"Lu, I'm in so much pain," I croak, stumbling on the edge of the bathtub. My head drops down.
"I know." She slips the scissors from my hand and sets them on the sink like she's disarming me. I let out an ugly, wet snort of laughter, which is definitely not giving me any relief.
Lu looks at me, and her expression suddenly weighted. "Em, it was Ben who called me."
I blink at her, then frown. "What do you mean? When?"
"That night. After your fight. That's why I rang you."
Everything in me stops cold. "What do you mean? Why would he call you?"
She shrugs. "I don't know where he got my number, but he apologized for calling so late and said he was scared something was going to happen to you. He saw you sitting at Sea Cliff.
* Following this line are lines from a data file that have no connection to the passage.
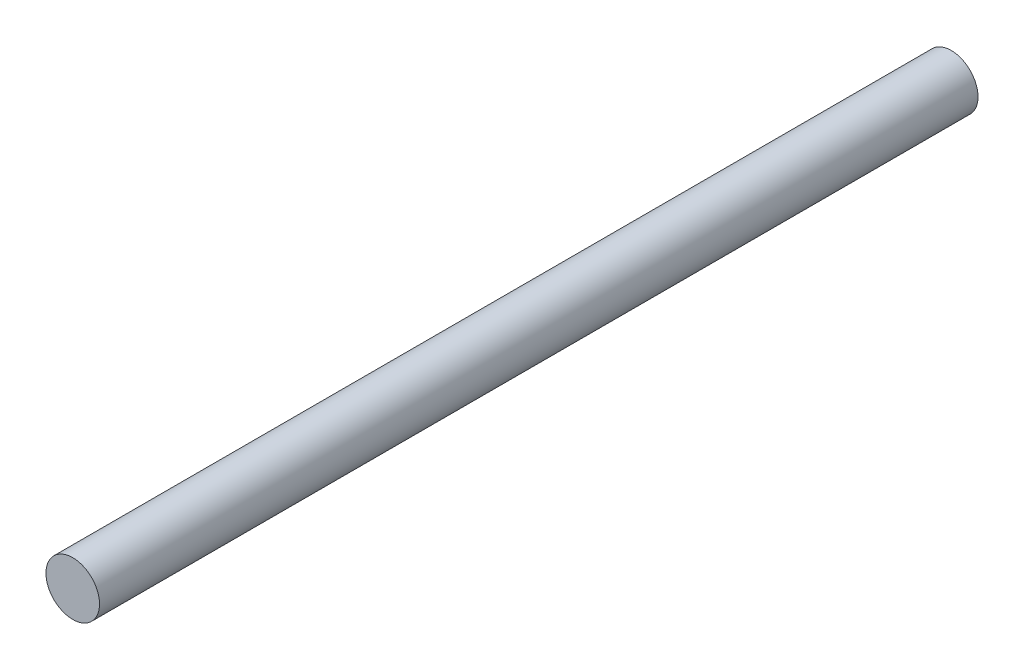
from build123d import *

# Parameters (mm, degrees)
SKETCH1_R      = 3.96875
EXTRUDE1_DEPTH = 65.0875


with BuildPart() as part:
    # Sketch1 → Extrude1 (new body, symmetric)
    with BuildSketch(Plane.XY):
        Circle(SKETCH1_R)
    extrude(amount=EXTRUDE1_DEPTH, both=True)


solid = part.part
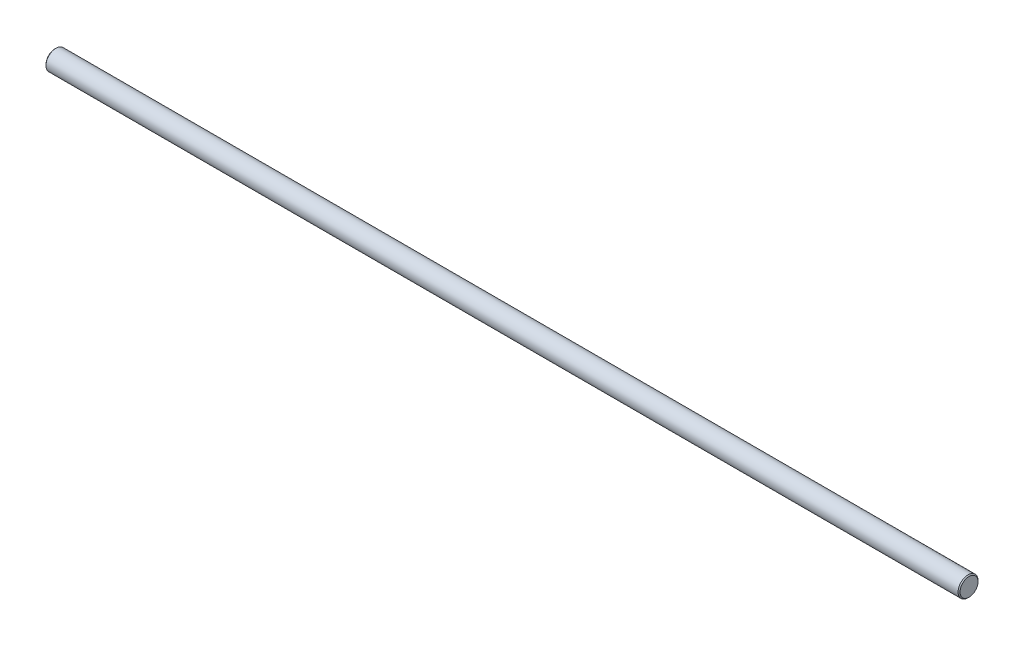
from build123d import *


with BuildPart() as part:
    # Sketch1 → Revolve1 (revolve)
    with BuildSketch(Plane.XY):
        Polygon((0, 0), (0, 4.5), (0.5, 5), (457.5, 5), (458, 4.5), (458, 0), align=None)
    revolve(axis=Axis((458, 0, 0), (-1, 0, 0)))


solid = part.part
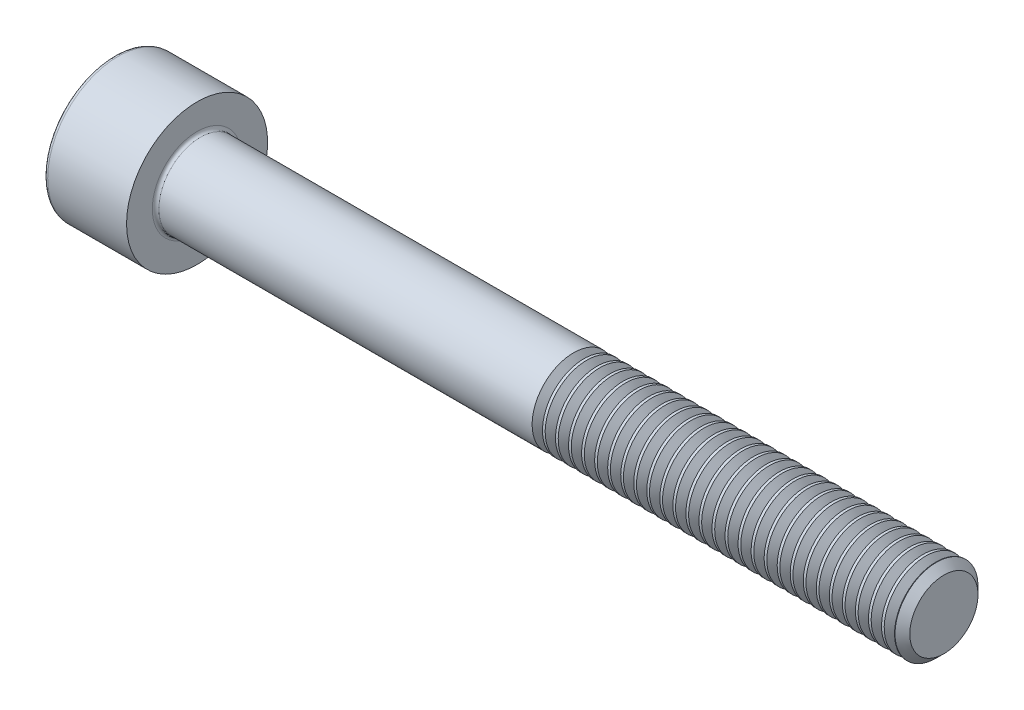
from build123d import *

# Parameters (mm, degrees)
FILLET1_R       = 0.2
FILLET2_R       = 0.25
HEX_2_DEPTH     = 2.5
THDSCHPAT_COUNT = 29
THDSCHPAT_PITCH = 0.785714286


with BuildPart() as part:
    # BodySke → Base-Revolve (revolve)
    with BuildSketch(Plane.XY):
        Polygon((0, 0), (0, 4.25), (5, 4.25), (5, 2.5), (49.555, 2.5), (50, 2.055), (50, 0), align=None)
    revolve(axis=Axis((-31.75, 0, 0), (1, 0, 0)))

    # Fillet1
    fillet1_edges = [part.edges().sort_by_distance(p)[0] for p in [
        (5, -2.5, 0),
    ]]
    fillet(fillet1_edges, radius=FILLET1_R)

    # Fillet2
    fillet2_edges = [part.edges().sort_by_distance(p)[0] for p in [
        (0, -4.25, 0),
    ]]
    fillet(fillet2_edges, radius=FILLET2_R)

    # Sketch2 → Hex-PreBroach (revolve, cut)
    with BuildSketch(Plane.XY):
        Polygon((0, 2.042), (2.5, 2.042), (3.67894925, 0), (0, 0), align=None)
    revolve(axis=Axis((0, 0, 0), (1, 0, 0)), mode=Mode.SUBTRACT)

    # Sketch3 → Hex 2 (cut)
    with BuildSketch(Plane(origin=(0, 0, 0), x_dir=(0, 0.5, 0.866025404), z_dir=(-1, 0, 0))):
        Polygon((1.17894925, 2.042), (-1.17894925, 2.042), (-2.357898499, 0), (-1.17894925, -2.042), (1.17894925, -2.042), (2.357898499, 0), align=None)
    extrude(amount=-HEX_2_DEPTH, mode=Mode.SUBTRACT)

    # ThdSchSke → ThreadSchematic (revolve, cut)
    with BuildSketch(Plane.XY):
        Polygon((28, -2.055), (27.688407645, -2.5), (27.688407645, -3.125), (28.311592355, -3.125), (28.311592355, -2.5), align=None)
    threadschematic = revolve(axis=Axis((-3.175, 0, 0), (1, 0, 0)), mode=Mode.SUBTRACT)

    # ThdSchPat: ThreadSchematic ×29
    with Locations(*[(i * THDSCHPAT_PITCH, 0, 0) for i in range(1, THDSCHPAT_COUNT)]):
        add(threadschematic, mode=Mode.SUBTRACT)


solid = part.part
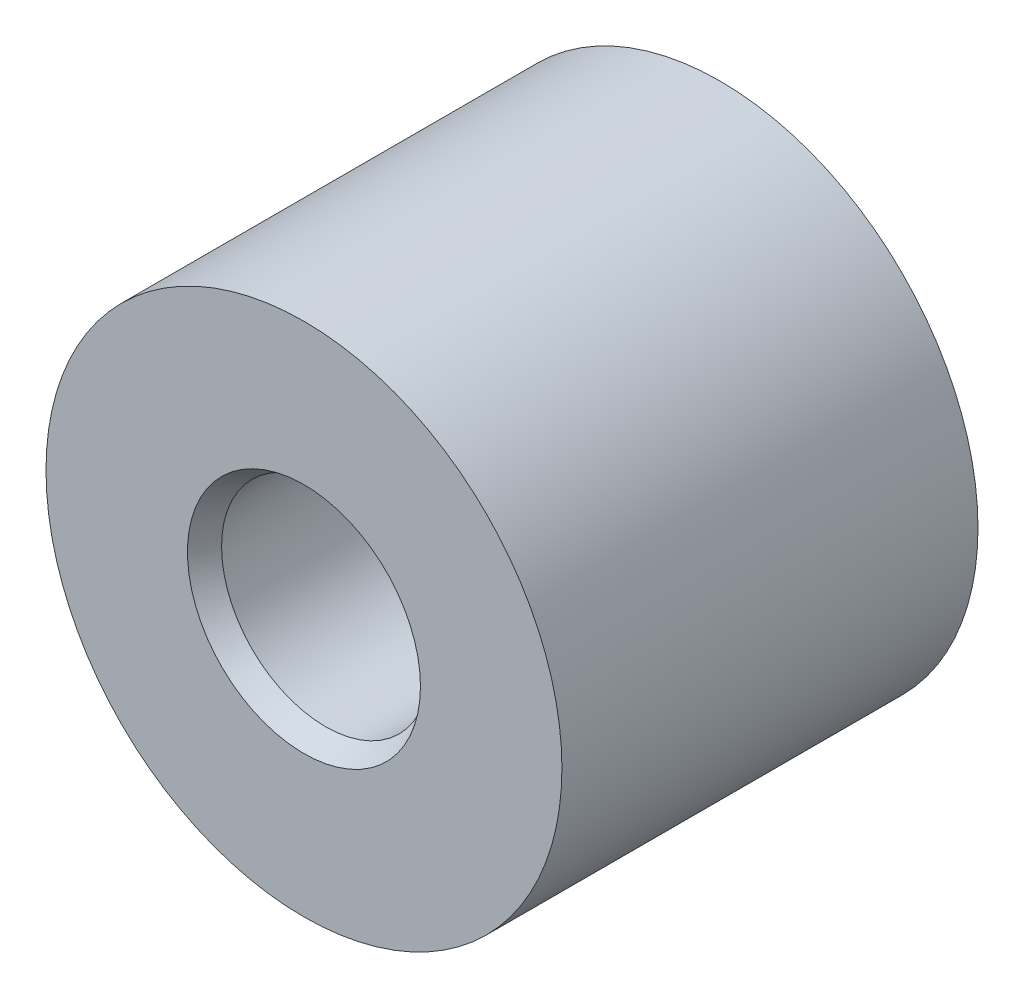
from build123d import *

# Parameters (mm, degrees)
SKETCH2_R                            = 3.1
BOSS_EXTRUDE1_DEPTH                  = 5
F_2_5_2_5_DIAMETER_HOLE1_D           = 2.5
F_2_5_2_5_DIAMETER_HOLE1_DEPTH       = 5
F_2_5_2_5_DIAMETER_HOLE1_CSINK_D     = 2.8
F_2_5_2_5_DIAMETER_HOLE1_CSINK_ANGLE = 60


with BuildPart() as part:
    # Sketch2 → Boss-Extrude1 (new body)
    with BuildSketch(Plane.XY):
        Circle(SKETCH2_R)
    extrude(amount=-BOSS_EXTRUDE1_DEPTH)

    # Ø2.5 (2.5) Diameter Hole1
    with Locations(Plane.XY):
        with Locations((0, 0)):
            CounterSinkHole(F_2_5_2_5_DIAMETER_HOLE1_D / 2, F_2_5_2_5_DIAMETER_HOLE1_CSINK_D / 2, depth=F_2_5_2_5_DIAMETER_HOLE1_DEPTH, counter_sink_angle=F_2_5_2_5_DIAMETER_HOLE1_CSINK_ANGLE)


solid = part.part
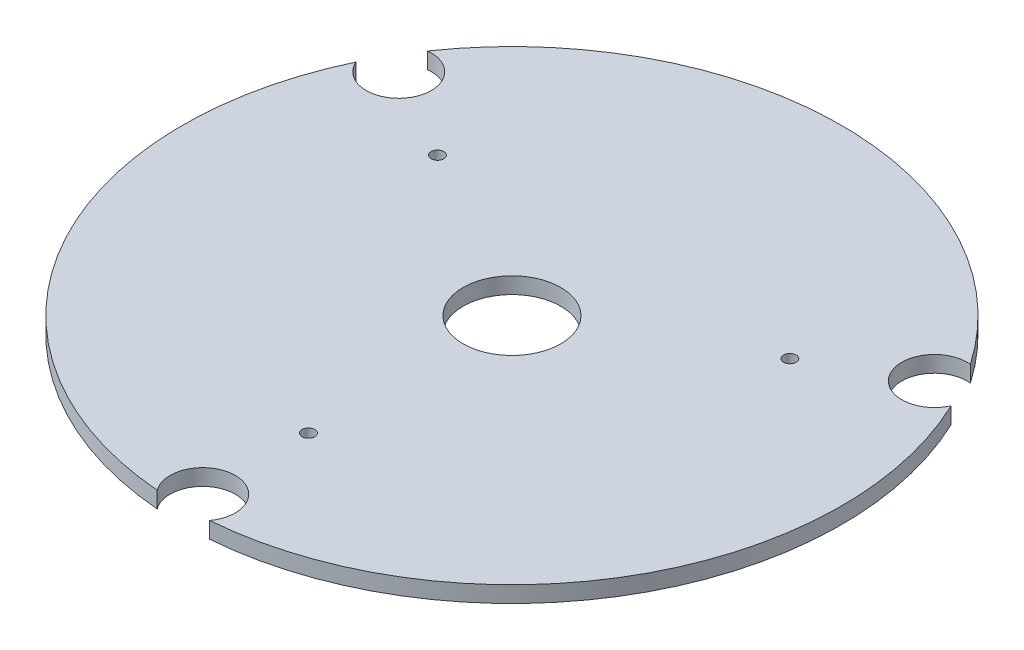
from build123d import *

# Parameters (mm, degrees)
SKETCH1_R           = 81
SKETCH1_R_2         = 1.55
SKETCH1_R_3         = 12
BOSS_EXTRUDE1_DEPTH = 2
CUT_EXTRUDE1_DEPTH  = 5


with BuildPart() as part:
    # Sketch1 → Boss-Extrude1 (new body, symmetric)
    with BuildSketch(Plane(origin=(0, 0, 0), x_dir=(1, 0, 0), z_dir=(0, 1, 0))):
        Circle(SKETCH1_R)
        with Locations((43.301270189, 25)):
            Circle(SKETCH1_R_2, mode=Mode.SUBTRACT)
        with Locations((0, -50)):
            Circle(SKETCH1_R_2, mode=Mode.SUBTRACT)
        with Locations((-43.301270189, 25)):
            Circle(SKETCH1_R_2, mode=Mode.SUBTRACT)
        Circle(SKETCH1_R_3, mode=Mode.SUBTRACT)
    extrude(amount=BOSS_EXTRUDE1_DEPTH, both=True)

    # Sketch2 → Cut-Extrude1 (cut, through all)
    with BuildSketch(Plane.XZ.offset(2)):
        with BuildLine():
            ThreePointArc((-66.704830818, -45.950686018), (-58.889727457, -34), (-73.146876822, -34.792735035))
            ThreePointArc((-73.146876822, -34.792735035), (-70.148057707, -40.5), (-66.704830818, -45.950686018))
        make_face()
        with BuildLine():
            ThreePointArc((66.704830818, -45.950686018), (70.148057707, -40.5), (73.146876822, -34.792735035))
            ThreePointArc((73.146876822, -34.792735035), (58.889727457, -34), (66.704830818, -45.950686018))
        make_face()
        with BuildLine():
            ThreePointArc((-6.442046004, 80.743421053), (0, 68), (6.442046004, 80.743421053))
            ThreePointArc((6.442046004, 80.743421053), (0, 81), (-6.442046004, 80.743421053))
        make_face()
    extrude(amount=-CUT_EXTRUDE1_DEPTH, mode=Mode.SUBTRACT)


solid = part.part
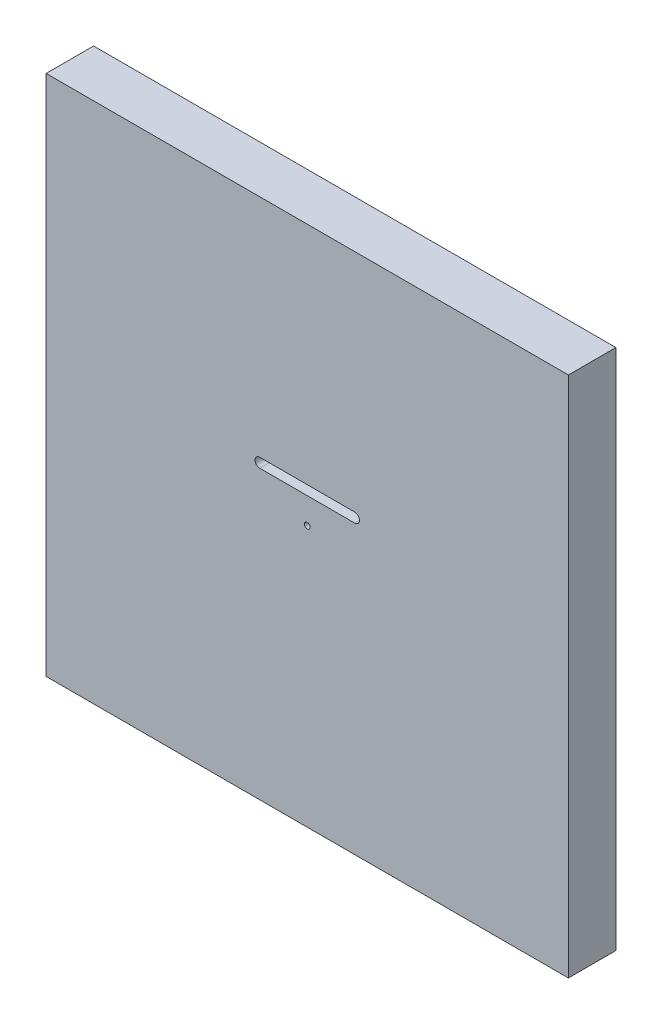
from build123d import *

# Parameters (mm, degrees)
CROQUIS1_W              = 550
CROQUIS1_H              = 550
SALIENTE_EXTRUIR1_DEPTH = 50
CROQUIS2_R              = 3
CORTAR_EXTRUIR1_DEPTH   = 50


with BuildPart() as part:
    # Croquis1 → Saliente-Extruir1 (new body)
    with BuildSketch(Plane.XY):
        with Locations((40.988720017, -96.414342629)):
            Rectangle(CROQUIS1_W, CROQUIS1_H)
    extrude(amount=SALIENTE_EXTRUIR1_DEPTH)

    # Croquis2 → Cortar-Extruir1 (cut)
    with BuildSketch(Plane(origin=(0, 0, 0), x_dir=(-1, 0, 0), z_dir=(0, 0, -1))):
        with Locations((-40.988720017, -96.414342629)):
            Circle(CROQUIS2_R)
        with BuildLine():
            Line((-90.988720017, -58.999514309), (9.011279983, -58.999514309))
            ThreePointArc((9.011279983, -58.999514309), (14.011279983, -63.999514309), (9.011279983, -68.999514309))
            Line((9.011279983, -68.999514309), (-90.988720017, -68.999514309))
            ThreePointArc((-90.988720017, -68.999514309), (-95.988720017, -63.999514309), (-90.988720017, -58.999514309))
        make_face()
    extrude(amount=-CORTAR_EXTRUIR1_DEPTH, mode=Mode.SUBTRACT)


solid = part.part
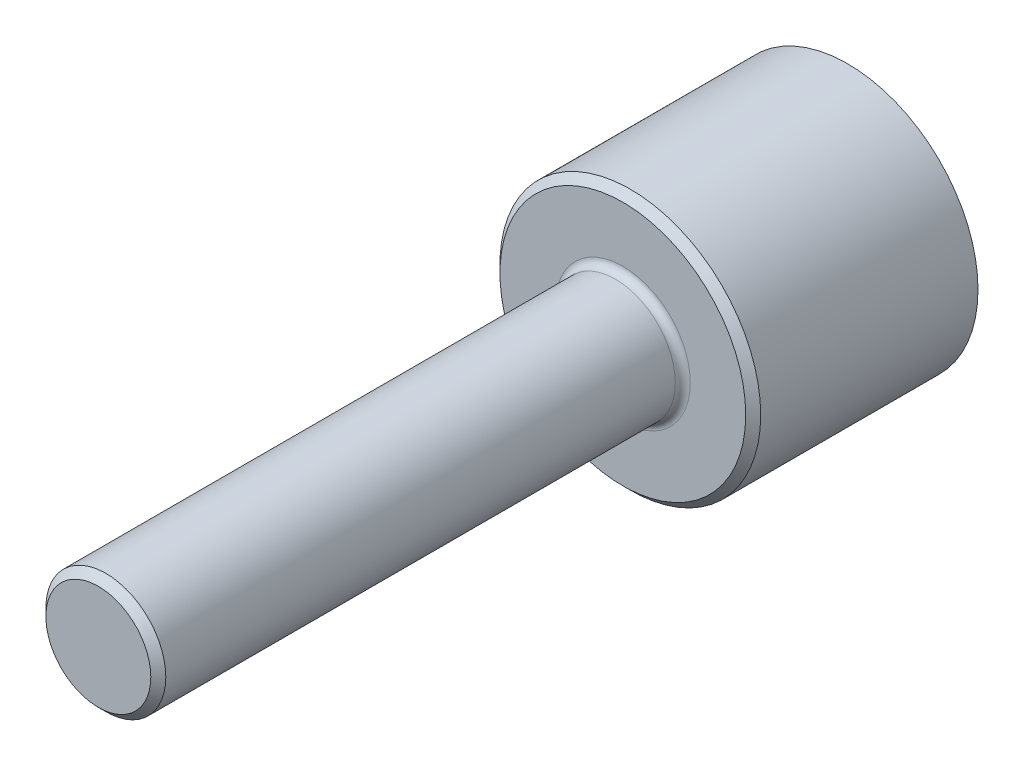
from build123d import *

# Parameters (mm, degrees)
SKETCH1_R     = 17.4
BODY_DEPTH    = 30
SKETCH2_R     = 8
SPIGOT_DEPTH  = 70
CHAMFERS_SIZE = 1
FILLET_2_R    = 1


with BuildPart() as part:
    # Sketch1 → Body (new body)
    with BuildSketch(Plane.XY):
        Circle(SKETCH1_R)
    extrude(amount=BODY_DEPTH)

    # Sketch2 → Spigot (add)
    with BuildSketch(Plane.XY.offset(30)):
        Circle(SKETCH2_R)
    extrude(amount=SPIGOT_DEPTH)

    # Chamfers
    chamfers_edges = [part.edges().sort_by_distance(p)[0] for p in [
        (-17.4, 0, 30),
        (-8, 0, 100),
    ]]
    chamfer(chamfers_edges, length=CHAMFERS_SIZE)

    # Fillet 2
    fillet_2_edges = [part.edges().sort_by_distance(p)[0] for p in [
        (-8, 0, 30),
    ]]
    fillet(fillet_2_edges, radius=FILLET_2_R)


solid = part.part
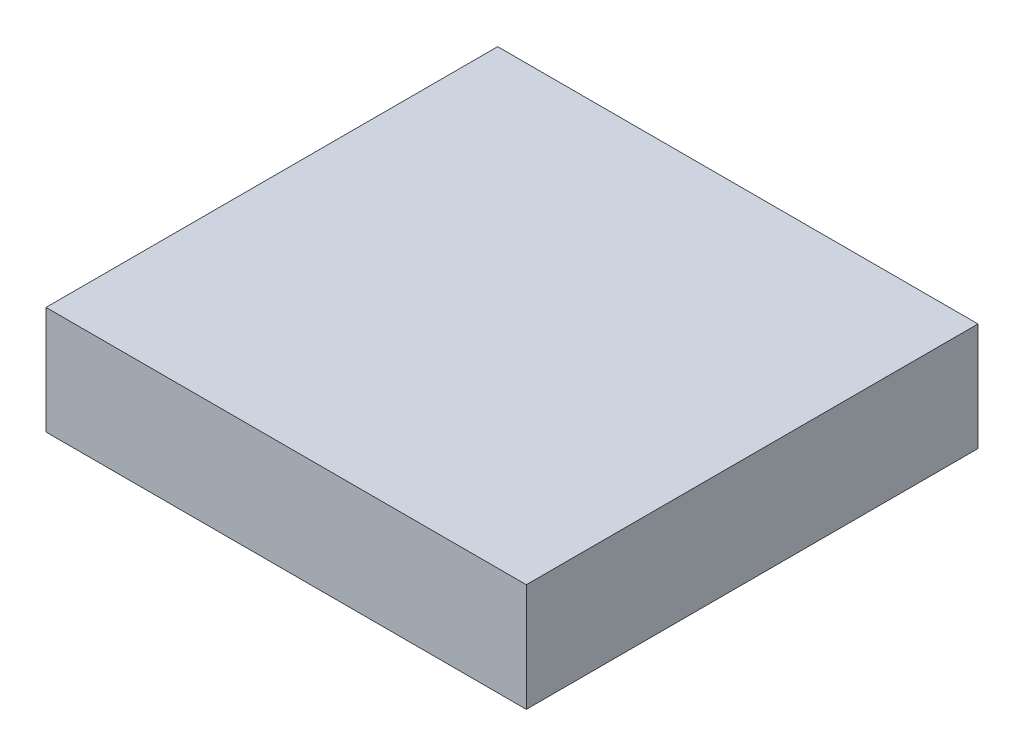
from build123d import *

# Parameters (mm, degrees)
SKETCH1_W           = 95.89
SKETCH1_H           = 90.17
BOSS_EXTRUDE1_DEPTH = 10.775


with BuildPart() as part:
    # Sketch1 → Boss-Extrude1 (new body, symmetric)
    with BuildSketch(Plane(origin=(0, 0, 0), x_dir=(1, 0, 0), z_dir=(0, 1, 0))):
        with Locations((0.05, 0)):
            Rectangle(SKETCH1_W, SKETCH1_H)
    extrude(amount=BOSS_EXTRUDE1_DEPTH, both=True)


solid = part.part

Apparently, he sees your location on his phone—"
"Oh shit."The app. He knows where I am. All this time, I thought I regained some agency, but he can literally see each of my moves.
"I have to deactivate that," I say, ready to rush out of the bathroom and do it now, but Lu grabs me, staining my arm in a purple dye.
"Wait," she says, her eyes soft but insistent.
"I think he really loves you," she says again.
I blink and frown at how serious she sounds.
"When he called me, he didn't sugarcoat it," she continues. "Told me everything. Said I should hex him, that he feels like absolute shit for hurting you. That if you never forgive him, I should take care of you and support you during your divorce, not let Richard play with you. That if you need any money, he'll send it to me. Hereallyloves you, Em."
I sink back on the bathtub edge, hands over my face to stop the sob from breaking loose. "I know. I know he does, but does it even matter?"
She tucks a falling strand of my hair behind my ear.
"You know he wasn't double-dipping, because he invited you into his world, wanted you in his family—he even got two apartments for you guys," she says slowly. "And he told you he didn't sleep with her after you guys started. You can't hold it against him that he was just living his life."
"I know. He did so many things right. That's the problem. He was perfect," I say, my voice splintering.
"Life's not neat. Look at me—" Lu points at the door ajar, listening to the laugh behind it. "Never thought I'd end up with Sophia sketching Micah's balls in my kitchen, but hey, you adjust, you make it work."
I've really hit rock bottom when I can't even laugh about that.
I drag in a breath. "That's the worst part. I know he didn't lie, even though my thoughts scream that he wronged me—deep down I feel like he didn't, not this time... Then I start wondering—" I get up, my shoulder slumping on the tile and Iknow I sound humiliatingly earnest, "—if I can forgive him. If I could get over it."
Lu's eyes pin mine in the mirror—like she already knows something I don't.
"And? Could you?"
I don't answer. Because what is there to answer when you're fumigated by peroxide and grief at the same time? Too much to handle.
Instead, I manage to carve her hair into a purple pixie cut and listen to their laughter echoing down the hall like a carnival when their sexy ménage à trois leaves.
I'm once again left with my anxieties, back in my old room.
Everything is almost the same because when I left for Seattle I didn't take anything, and coming back, it would not match Richard's sophisticated apartment.
Plus, I wanted it here, safe with Lu.
There's that desk where I wrote my first book when I didn't have the world in my head to tell me what should come next and I'm on the same white-metal queen bed that squeaks with every breath, where I dreamed I'd marry, build a life, unfold into someone new.
I did all those things, and somehow ended in the same place—somehow better, because I've lived, but mostly worse, because I've looped. I'm looping in a loop inside another loop.
Knees against my chest, I watch the night fall through the window.